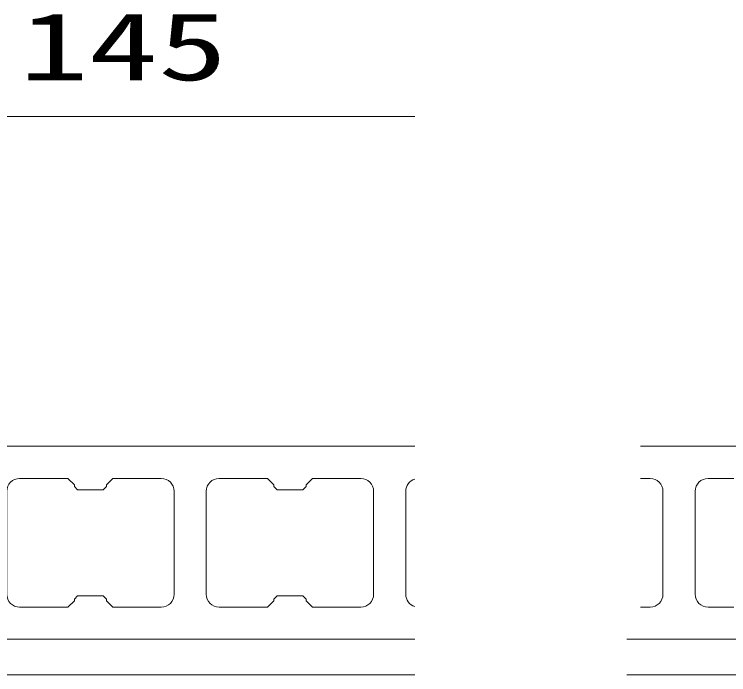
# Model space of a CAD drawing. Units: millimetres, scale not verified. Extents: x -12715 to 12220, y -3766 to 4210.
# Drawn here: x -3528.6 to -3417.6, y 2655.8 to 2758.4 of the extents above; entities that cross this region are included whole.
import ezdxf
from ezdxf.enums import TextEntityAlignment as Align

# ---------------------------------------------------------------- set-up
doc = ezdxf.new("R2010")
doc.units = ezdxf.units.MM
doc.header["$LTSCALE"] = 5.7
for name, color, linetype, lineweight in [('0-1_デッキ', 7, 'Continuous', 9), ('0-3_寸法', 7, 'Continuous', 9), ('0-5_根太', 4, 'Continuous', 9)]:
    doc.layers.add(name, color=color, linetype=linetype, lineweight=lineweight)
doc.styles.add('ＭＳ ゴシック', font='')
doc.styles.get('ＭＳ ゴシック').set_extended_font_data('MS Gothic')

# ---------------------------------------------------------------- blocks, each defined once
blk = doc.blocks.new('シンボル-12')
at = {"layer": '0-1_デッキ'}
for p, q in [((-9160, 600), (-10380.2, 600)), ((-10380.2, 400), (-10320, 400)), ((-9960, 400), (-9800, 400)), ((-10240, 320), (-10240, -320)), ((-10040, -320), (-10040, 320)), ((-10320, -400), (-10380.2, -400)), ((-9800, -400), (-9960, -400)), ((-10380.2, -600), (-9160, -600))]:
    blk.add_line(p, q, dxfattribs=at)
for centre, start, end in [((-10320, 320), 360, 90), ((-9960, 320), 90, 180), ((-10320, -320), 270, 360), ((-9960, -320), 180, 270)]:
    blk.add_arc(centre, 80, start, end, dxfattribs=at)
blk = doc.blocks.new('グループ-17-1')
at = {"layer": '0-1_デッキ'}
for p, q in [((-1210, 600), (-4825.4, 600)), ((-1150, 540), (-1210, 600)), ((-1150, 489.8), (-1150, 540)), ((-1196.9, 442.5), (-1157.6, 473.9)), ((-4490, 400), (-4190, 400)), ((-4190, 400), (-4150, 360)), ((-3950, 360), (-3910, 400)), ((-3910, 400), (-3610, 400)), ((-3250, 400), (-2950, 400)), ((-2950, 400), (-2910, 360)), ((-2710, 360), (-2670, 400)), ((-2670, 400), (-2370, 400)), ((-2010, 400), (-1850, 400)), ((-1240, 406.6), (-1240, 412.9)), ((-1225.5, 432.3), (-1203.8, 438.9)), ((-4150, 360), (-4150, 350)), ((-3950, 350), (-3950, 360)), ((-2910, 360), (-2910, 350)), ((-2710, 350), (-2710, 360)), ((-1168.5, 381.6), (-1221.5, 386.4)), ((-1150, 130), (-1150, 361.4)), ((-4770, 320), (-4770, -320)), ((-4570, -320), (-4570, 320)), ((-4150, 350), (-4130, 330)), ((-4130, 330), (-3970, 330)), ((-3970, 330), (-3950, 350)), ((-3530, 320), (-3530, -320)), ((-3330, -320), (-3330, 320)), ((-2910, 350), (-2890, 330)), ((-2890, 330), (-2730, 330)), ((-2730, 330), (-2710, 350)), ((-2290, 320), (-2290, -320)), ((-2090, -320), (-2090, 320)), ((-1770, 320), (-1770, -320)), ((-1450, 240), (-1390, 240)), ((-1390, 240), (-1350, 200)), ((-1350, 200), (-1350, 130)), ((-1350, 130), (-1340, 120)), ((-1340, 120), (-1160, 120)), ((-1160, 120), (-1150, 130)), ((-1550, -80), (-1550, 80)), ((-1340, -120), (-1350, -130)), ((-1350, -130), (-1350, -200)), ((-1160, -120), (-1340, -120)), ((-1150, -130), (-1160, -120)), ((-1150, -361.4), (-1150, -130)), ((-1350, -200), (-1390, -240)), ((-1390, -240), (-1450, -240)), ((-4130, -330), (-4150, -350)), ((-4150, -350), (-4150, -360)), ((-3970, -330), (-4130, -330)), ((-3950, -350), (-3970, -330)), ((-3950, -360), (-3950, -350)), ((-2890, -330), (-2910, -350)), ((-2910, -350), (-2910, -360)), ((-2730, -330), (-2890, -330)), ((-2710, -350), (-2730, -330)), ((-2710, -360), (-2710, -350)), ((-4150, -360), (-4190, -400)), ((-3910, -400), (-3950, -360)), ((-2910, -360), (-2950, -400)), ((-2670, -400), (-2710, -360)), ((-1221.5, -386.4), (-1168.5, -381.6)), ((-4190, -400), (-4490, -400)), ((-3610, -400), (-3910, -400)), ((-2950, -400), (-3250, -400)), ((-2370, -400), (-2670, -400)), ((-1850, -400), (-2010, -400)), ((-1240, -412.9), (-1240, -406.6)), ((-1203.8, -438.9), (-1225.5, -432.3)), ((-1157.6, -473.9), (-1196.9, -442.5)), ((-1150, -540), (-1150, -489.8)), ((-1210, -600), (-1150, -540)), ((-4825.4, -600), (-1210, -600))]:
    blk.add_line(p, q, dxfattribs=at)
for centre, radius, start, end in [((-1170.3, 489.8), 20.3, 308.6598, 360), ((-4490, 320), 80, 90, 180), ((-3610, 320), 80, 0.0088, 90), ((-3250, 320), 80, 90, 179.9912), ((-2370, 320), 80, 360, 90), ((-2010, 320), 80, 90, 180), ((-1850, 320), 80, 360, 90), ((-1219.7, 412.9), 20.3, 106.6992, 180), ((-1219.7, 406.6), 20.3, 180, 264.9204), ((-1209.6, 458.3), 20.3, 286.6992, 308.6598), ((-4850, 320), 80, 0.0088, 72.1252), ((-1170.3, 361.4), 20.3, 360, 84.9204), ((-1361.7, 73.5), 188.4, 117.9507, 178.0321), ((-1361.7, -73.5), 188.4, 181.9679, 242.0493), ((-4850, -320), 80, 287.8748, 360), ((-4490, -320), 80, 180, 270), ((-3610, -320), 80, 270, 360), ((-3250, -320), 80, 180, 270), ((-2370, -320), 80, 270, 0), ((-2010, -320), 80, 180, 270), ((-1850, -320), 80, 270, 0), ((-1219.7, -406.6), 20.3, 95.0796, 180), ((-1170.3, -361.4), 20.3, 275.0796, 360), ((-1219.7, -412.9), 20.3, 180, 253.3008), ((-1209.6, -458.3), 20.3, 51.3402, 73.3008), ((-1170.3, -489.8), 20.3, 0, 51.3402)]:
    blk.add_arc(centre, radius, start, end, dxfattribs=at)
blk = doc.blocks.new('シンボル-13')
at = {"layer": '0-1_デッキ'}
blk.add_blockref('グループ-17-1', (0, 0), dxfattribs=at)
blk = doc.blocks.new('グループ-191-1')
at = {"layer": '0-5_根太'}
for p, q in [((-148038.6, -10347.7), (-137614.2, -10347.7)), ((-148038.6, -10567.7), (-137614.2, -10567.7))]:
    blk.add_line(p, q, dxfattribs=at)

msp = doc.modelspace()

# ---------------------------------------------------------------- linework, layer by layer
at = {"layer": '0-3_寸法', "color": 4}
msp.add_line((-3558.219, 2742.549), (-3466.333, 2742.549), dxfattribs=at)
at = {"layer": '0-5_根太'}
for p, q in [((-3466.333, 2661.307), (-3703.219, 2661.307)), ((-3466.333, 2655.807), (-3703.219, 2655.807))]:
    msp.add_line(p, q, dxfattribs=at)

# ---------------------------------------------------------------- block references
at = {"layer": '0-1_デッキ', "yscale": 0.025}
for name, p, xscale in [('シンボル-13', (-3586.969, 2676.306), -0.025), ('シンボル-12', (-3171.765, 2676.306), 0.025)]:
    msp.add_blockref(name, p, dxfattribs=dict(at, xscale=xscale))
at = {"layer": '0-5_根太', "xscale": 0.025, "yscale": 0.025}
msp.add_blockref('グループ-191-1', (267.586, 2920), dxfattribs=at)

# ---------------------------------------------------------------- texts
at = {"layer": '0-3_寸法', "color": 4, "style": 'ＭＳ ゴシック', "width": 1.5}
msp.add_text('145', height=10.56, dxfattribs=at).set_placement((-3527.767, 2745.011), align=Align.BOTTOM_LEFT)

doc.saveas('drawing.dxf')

###

WHAT YOU ARE ASKED TO DO :: Some of the data mentions "drawing". Copy every line where it does.

EXERCISE ANSWER ::
# Model space of a CAD drawing. Units: millimetres, scale not verified. Extents: x -12715 to 12220, y -3766 to 4210.
doc.saveas('drawing.dxf')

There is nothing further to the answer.